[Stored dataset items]
******************************
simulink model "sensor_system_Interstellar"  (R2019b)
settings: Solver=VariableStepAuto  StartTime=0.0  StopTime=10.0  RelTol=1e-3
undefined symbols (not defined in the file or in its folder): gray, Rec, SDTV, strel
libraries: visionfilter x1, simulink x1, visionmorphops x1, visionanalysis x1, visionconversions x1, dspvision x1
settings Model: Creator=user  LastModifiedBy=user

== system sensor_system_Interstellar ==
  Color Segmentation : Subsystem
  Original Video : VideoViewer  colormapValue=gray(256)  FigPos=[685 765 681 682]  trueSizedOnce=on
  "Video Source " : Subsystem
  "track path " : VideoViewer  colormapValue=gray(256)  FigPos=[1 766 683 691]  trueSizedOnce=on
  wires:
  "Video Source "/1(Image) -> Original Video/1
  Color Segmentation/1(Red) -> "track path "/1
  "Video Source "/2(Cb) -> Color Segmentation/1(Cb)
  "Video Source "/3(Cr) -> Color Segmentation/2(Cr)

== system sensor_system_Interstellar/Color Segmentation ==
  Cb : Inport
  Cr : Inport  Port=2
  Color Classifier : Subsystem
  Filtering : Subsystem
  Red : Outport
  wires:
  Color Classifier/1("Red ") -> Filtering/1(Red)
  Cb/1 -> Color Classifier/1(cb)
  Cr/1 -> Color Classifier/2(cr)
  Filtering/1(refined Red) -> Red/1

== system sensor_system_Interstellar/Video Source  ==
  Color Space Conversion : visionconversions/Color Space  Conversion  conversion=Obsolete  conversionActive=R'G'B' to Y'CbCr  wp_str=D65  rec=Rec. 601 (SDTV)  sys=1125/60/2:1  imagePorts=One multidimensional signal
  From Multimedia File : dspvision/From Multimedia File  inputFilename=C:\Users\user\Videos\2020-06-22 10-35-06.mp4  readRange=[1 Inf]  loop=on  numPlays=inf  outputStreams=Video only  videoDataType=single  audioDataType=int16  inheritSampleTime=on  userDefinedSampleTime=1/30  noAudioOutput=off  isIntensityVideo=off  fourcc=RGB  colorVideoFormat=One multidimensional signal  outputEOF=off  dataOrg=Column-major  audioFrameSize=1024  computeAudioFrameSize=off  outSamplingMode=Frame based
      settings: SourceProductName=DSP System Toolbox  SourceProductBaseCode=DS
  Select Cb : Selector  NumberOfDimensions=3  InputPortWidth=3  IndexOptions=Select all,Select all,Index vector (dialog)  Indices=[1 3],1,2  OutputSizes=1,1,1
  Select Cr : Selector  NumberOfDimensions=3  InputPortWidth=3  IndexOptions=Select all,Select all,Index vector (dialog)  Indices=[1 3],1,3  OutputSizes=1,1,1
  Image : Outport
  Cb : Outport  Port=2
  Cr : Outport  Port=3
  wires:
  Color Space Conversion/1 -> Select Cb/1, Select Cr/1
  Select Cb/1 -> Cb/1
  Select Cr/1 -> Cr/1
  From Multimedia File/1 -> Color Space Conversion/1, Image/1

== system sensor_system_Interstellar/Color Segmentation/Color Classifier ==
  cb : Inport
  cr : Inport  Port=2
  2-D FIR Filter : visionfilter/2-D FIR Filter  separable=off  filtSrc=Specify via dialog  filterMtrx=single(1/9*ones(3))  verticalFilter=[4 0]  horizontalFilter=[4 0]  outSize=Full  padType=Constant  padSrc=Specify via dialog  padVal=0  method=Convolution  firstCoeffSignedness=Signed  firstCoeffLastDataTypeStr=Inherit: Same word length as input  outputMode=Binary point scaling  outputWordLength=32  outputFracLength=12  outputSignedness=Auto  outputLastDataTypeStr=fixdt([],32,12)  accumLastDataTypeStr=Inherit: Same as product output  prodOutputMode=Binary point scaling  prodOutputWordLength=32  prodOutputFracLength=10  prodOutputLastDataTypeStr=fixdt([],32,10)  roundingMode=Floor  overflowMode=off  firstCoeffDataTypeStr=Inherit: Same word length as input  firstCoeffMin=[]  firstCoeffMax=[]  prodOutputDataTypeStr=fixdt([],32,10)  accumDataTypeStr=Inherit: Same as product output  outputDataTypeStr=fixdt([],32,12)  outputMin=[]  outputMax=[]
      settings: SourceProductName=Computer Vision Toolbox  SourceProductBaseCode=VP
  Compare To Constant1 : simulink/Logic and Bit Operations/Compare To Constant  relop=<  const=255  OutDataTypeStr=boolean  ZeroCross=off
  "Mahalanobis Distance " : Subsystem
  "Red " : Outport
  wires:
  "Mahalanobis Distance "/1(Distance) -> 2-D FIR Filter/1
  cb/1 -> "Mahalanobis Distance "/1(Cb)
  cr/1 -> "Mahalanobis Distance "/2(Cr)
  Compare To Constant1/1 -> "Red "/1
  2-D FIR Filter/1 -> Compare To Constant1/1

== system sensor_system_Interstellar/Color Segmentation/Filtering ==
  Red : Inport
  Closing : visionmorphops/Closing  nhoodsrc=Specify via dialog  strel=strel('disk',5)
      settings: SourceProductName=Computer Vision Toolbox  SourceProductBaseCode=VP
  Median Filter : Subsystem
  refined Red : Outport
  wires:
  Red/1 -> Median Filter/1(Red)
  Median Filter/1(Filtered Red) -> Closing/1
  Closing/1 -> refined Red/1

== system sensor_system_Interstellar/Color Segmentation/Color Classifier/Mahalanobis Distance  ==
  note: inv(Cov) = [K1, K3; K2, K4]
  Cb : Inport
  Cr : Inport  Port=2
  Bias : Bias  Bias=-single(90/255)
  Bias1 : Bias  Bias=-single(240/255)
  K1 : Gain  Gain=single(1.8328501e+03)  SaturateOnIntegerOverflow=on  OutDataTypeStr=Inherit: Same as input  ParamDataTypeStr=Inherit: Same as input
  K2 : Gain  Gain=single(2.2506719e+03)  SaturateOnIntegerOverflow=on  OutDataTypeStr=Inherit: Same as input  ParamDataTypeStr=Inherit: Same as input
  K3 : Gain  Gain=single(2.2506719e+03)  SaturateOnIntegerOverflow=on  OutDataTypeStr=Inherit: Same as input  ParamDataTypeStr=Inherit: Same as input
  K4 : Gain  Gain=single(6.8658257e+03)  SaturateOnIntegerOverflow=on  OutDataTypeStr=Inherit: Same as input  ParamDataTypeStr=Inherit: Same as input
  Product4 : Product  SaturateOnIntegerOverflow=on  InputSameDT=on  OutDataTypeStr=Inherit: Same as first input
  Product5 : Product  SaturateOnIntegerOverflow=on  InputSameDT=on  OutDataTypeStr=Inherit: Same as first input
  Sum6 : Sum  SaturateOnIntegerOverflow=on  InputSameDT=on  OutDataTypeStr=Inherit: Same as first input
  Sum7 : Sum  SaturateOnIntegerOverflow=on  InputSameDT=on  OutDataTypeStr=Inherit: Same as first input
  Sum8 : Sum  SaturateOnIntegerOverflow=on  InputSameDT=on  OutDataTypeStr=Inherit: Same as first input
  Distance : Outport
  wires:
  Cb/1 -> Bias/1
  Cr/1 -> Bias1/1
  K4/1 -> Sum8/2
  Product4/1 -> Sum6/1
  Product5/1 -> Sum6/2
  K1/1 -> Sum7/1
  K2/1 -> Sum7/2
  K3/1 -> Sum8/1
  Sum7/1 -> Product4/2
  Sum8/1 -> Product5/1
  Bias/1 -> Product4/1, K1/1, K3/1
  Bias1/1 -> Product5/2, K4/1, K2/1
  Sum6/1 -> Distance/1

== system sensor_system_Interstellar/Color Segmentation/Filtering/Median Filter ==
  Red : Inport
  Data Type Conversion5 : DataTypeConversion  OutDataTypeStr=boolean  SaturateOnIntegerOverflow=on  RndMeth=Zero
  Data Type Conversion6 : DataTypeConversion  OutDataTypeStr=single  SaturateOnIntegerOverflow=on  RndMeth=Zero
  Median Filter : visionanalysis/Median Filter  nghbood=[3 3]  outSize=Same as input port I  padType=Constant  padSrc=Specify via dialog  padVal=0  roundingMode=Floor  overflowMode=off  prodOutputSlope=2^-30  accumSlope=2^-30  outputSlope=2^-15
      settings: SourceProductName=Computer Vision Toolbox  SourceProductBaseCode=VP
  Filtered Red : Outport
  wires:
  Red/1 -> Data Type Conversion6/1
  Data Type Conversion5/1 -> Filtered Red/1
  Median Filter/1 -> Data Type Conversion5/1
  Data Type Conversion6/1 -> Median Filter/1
******************************
_Prompt_
Check each line of the records for the word "path" and extract those that contain it.

_Expected answer_
  "track path " : VideoViewer  colormapValue=gray(256)  FigPos=[1 766 683 691]  trueSizedOnce=on
  Color Segmentation/1(Red) -> "track path "/1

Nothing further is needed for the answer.